Given information
- - - - -

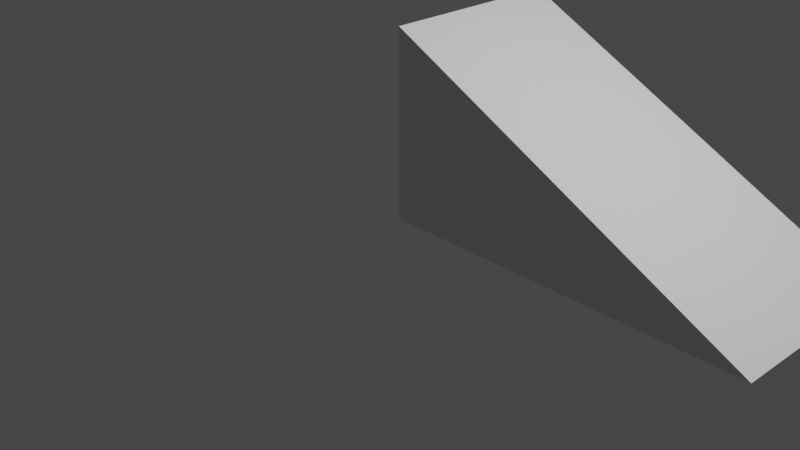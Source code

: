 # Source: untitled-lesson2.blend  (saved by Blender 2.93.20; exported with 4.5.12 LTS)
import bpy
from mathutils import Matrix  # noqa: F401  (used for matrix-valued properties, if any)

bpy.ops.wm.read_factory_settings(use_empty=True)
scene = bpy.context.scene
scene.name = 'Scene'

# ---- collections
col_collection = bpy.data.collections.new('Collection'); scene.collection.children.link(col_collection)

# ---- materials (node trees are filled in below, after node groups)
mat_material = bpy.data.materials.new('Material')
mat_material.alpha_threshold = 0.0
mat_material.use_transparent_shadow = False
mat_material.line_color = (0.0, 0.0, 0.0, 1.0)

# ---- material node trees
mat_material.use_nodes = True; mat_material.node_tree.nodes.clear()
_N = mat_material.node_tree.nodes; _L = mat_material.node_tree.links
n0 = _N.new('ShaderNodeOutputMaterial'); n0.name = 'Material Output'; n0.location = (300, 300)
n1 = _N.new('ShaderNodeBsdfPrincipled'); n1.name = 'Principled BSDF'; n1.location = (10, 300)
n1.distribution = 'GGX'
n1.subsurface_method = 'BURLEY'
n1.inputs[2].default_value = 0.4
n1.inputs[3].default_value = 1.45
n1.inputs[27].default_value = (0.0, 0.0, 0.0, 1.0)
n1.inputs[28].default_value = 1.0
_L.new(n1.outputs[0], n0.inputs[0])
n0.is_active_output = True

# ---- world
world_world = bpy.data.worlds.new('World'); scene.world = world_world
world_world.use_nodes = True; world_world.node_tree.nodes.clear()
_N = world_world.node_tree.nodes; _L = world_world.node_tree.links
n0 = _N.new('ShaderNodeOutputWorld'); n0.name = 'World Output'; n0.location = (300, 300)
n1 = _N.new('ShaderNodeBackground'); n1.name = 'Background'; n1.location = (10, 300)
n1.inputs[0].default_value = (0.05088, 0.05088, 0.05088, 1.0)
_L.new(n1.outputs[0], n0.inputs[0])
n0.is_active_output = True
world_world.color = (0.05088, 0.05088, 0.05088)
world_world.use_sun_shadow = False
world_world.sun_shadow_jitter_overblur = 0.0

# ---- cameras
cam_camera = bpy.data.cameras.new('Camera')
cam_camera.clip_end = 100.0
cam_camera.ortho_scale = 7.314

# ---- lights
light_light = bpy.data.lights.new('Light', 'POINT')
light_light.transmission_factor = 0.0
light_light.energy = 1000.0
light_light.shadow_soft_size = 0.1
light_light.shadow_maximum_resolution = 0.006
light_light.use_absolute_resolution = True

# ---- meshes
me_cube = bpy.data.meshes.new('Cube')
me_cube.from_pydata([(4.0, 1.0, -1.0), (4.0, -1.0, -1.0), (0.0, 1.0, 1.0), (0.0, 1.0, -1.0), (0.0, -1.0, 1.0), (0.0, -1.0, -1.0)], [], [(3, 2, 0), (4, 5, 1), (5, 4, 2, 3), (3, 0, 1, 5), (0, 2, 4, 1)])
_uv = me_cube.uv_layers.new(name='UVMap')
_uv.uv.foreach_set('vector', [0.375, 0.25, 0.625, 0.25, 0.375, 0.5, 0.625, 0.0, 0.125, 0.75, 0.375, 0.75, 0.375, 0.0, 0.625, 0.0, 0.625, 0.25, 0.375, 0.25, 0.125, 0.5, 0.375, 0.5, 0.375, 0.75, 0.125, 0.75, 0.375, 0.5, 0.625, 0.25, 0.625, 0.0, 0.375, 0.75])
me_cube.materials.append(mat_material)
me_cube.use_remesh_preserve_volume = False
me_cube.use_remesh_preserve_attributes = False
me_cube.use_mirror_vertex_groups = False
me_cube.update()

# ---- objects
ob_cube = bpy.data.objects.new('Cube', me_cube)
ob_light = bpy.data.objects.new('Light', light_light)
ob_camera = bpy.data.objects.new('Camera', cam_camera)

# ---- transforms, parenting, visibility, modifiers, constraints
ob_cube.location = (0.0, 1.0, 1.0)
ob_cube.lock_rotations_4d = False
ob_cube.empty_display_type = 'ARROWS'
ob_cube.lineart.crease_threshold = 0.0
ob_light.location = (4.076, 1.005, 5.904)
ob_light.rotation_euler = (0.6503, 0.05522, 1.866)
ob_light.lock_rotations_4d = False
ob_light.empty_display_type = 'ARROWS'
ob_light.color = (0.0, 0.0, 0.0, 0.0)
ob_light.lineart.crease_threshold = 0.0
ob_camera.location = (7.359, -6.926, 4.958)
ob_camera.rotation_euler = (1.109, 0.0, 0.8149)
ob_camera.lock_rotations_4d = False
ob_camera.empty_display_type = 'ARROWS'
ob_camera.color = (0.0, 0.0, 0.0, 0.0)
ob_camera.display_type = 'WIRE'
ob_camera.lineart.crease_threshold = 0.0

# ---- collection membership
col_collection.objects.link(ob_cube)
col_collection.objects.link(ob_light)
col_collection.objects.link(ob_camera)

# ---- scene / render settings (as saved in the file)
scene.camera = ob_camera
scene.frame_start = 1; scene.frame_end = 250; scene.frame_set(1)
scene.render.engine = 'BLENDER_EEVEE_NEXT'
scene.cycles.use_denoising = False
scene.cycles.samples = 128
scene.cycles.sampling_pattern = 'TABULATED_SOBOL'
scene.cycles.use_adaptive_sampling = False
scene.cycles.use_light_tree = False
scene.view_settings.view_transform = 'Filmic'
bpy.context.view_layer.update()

- - - - -

Exercise prompt
Reply with exactly the lines from the one containing "ob_cube = bpy.data.objects.new('Cube', me_cube)" to the last line of the material, inclusive, and with nothing more.

Exercise response
ob_cube = bpy.data.objects.new('Cube', me_cube)
ob_light = bpy.data.objects.new('Light', light_light)
ob_camera = bpy.data.objects.new('Camera', cam_camera)

# ---- transforms, parenting, visibility, modifiers, constraints
ob_cube.location = (0.0, 1.0, 1.0)
ob_cube.lock_rotations_4d = False
ob_cube.empty_display_type = 'ARROWS'
ob_cube.lineart.crease_threshold = 0.0
ob_light.location = (4.076, 1.005, 5.904)
ob_light.rotation_euler = (0.6503, 0.05522, 1.866)
ob_light.lock_rotations_4d = False
ob_light.empty_display_type = 'ARROWS'
ob_light.color = (0.0, 0.0, 0.0, 0.0)
ob_light.lineart.crease_threshold = 0.0
ob_camera.location = (7.359, -6.926, 4.958)
ob_camera.rotation_euler = (1.109, 0.0, 0.8149)
ob_camera.lock_rotations_4d = False
ob_camera.empty_display_type = 'ARROWS'
ob_camera.color = (0.0, 0.0, 0.0, 0.0)
ob_camera.display_type = 'WIRE'
ob_camera.lineart.crease_threshold = 0.0

# ---- collection membership
col_collection.objects.link(ob_cube)
col_collection.objects.link(ob_light)
col_collection.objects.link(ob_camera)

# ---- scene / render settings (as saved in the file)
scene.camera = ob_camera
scene.frame_start = 1; scene.frame_end = 250; scene.frame_set(1)
scene.render.engine = 'BLENDER_EEVEE_NEXT'
scene.cycles.use_denoising = False
scene.cycles.samples = 128
scene.cycles.sampling_pattern = 'TABULATED_SOBOL'
scene.cycles.use_adaptive_sampling = False
scene.cycles.use_light_tree = False
scene.view_settings.view_transform = 'Filmic'
bpy.context.view_layer.update()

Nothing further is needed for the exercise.